▶ [What needs to be done]:
All lines containing the string "BLACK" must be copied from the entries.

[[ Recorded information open ]]

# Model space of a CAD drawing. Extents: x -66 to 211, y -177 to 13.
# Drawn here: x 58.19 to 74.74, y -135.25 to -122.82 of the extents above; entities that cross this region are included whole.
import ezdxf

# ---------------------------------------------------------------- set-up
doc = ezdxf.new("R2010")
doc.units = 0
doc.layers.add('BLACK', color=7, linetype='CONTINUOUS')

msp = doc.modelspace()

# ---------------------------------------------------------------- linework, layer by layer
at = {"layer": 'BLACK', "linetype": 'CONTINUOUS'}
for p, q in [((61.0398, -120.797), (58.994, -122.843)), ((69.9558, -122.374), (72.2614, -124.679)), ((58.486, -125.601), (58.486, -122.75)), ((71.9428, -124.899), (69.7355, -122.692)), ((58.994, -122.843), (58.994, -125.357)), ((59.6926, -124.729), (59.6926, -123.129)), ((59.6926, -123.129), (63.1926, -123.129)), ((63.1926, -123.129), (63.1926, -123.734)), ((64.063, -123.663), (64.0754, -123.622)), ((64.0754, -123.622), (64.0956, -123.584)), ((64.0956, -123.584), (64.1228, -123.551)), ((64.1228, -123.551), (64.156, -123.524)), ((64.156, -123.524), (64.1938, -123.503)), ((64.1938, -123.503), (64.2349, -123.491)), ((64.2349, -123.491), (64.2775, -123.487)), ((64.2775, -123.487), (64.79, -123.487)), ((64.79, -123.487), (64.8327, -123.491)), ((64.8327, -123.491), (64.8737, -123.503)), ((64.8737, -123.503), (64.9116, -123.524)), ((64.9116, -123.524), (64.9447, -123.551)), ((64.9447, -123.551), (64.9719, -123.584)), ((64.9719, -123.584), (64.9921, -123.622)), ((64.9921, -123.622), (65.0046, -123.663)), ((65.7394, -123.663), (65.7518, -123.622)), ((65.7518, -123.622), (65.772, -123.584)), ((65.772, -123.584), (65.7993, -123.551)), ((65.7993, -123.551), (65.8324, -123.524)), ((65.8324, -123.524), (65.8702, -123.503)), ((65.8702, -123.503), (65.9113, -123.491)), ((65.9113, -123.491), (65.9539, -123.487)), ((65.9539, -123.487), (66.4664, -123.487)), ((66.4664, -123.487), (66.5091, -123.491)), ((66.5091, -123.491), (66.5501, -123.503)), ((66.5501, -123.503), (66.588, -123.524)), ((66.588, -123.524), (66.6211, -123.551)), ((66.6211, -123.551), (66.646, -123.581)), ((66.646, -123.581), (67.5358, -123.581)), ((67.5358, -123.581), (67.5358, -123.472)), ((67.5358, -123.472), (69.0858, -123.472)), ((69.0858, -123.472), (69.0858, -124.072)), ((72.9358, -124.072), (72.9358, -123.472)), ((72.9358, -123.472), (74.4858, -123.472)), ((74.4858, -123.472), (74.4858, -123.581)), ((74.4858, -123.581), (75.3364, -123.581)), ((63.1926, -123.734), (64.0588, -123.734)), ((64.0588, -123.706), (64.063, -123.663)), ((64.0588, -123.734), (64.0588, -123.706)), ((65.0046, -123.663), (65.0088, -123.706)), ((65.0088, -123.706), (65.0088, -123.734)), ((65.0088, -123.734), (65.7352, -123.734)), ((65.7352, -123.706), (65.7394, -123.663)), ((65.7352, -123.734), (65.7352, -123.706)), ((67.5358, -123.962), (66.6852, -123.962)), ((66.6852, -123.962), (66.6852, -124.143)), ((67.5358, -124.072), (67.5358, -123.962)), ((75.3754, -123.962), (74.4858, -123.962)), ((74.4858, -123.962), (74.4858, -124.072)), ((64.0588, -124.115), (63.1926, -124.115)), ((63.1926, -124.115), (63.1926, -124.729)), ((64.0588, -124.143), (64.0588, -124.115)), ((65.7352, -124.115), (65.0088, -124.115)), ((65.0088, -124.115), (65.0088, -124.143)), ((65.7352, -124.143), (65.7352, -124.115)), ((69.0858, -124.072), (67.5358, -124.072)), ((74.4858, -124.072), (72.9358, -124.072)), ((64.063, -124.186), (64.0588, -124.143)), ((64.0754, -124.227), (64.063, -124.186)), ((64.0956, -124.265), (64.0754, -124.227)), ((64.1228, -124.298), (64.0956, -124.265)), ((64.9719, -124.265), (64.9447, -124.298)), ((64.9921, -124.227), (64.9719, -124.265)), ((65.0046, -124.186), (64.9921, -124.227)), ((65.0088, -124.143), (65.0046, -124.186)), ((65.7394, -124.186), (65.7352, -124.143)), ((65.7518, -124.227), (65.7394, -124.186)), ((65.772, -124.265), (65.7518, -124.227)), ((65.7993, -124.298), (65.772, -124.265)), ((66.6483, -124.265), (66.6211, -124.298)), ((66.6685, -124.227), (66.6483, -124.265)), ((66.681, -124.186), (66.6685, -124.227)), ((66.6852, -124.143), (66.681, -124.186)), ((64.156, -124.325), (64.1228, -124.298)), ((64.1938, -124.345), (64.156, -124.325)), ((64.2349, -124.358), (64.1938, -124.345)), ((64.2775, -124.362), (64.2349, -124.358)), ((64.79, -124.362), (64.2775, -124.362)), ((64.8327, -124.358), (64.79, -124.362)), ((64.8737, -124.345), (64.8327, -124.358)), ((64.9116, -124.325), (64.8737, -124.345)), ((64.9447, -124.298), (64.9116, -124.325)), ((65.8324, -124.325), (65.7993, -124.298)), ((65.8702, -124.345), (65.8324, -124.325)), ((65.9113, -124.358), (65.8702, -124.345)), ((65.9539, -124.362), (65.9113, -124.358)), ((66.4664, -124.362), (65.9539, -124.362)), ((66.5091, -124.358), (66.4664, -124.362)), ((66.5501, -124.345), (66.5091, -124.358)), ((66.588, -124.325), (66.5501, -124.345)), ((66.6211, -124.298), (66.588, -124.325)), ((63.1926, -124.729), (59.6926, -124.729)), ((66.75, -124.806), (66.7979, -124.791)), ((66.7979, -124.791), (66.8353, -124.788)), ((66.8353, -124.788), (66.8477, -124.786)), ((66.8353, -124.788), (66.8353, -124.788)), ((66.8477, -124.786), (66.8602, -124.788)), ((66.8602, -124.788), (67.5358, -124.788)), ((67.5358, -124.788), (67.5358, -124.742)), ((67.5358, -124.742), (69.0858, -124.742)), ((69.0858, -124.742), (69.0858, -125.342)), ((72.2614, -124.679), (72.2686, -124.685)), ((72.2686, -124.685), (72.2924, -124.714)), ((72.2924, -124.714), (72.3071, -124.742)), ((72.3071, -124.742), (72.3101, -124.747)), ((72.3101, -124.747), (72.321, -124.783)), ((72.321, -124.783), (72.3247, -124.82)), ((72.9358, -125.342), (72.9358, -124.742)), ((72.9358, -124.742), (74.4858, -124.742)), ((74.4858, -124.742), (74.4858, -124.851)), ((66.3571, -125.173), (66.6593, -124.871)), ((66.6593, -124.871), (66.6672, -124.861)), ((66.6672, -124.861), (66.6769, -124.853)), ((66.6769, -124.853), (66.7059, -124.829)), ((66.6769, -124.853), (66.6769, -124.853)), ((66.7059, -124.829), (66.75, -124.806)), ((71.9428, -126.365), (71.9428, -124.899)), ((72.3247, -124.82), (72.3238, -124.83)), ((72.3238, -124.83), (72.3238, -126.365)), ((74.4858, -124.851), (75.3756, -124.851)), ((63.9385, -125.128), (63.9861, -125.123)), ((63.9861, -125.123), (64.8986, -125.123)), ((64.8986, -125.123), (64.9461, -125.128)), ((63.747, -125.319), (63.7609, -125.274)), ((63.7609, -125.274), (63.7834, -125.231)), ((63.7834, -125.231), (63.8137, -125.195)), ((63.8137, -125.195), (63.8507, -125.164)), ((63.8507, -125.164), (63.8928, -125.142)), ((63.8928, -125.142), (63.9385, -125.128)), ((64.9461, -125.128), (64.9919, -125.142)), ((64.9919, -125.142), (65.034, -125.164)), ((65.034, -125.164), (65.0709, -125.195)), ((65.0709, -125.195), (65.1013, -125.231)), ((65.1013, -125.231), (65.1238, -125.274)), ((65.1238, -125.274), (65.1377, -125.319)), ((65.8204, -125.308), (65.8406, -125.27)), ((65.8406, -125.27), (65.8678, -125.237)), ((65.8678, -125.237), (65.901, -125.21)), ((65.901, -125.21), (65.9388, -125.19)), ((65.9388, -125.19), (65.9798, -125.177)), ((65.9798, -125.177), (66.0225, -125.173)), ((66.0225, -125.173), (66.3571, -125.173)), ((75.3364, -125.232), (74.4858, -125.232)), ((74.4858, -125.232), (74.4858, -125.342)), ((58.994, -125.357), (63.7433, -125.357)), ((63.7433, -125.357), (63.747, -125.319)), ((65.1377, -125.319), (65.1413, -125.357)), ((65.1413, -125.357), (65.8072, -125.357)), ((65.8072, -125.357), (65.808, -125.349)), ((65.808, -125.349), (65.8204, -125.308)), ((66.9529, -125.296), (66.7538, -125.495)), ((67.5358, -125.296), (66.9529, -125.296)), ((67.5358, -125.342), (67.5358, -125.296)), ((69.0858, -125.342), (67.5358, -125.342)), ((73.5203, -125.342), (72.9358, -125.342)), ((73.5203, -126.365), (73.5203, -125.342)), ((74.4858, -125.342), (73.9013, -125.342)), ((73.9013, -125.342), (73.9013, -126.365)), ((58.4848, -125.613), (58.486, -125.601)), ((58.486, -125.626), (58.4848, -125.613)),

[[ Recorded information closed ]]

▶ [Result for this task]:
doc.layers.add('BLACK', color=7, linetype='CONTINUOUS')
at = {"layer": 'BLACK', "linetype": 'CONTINUOUS'}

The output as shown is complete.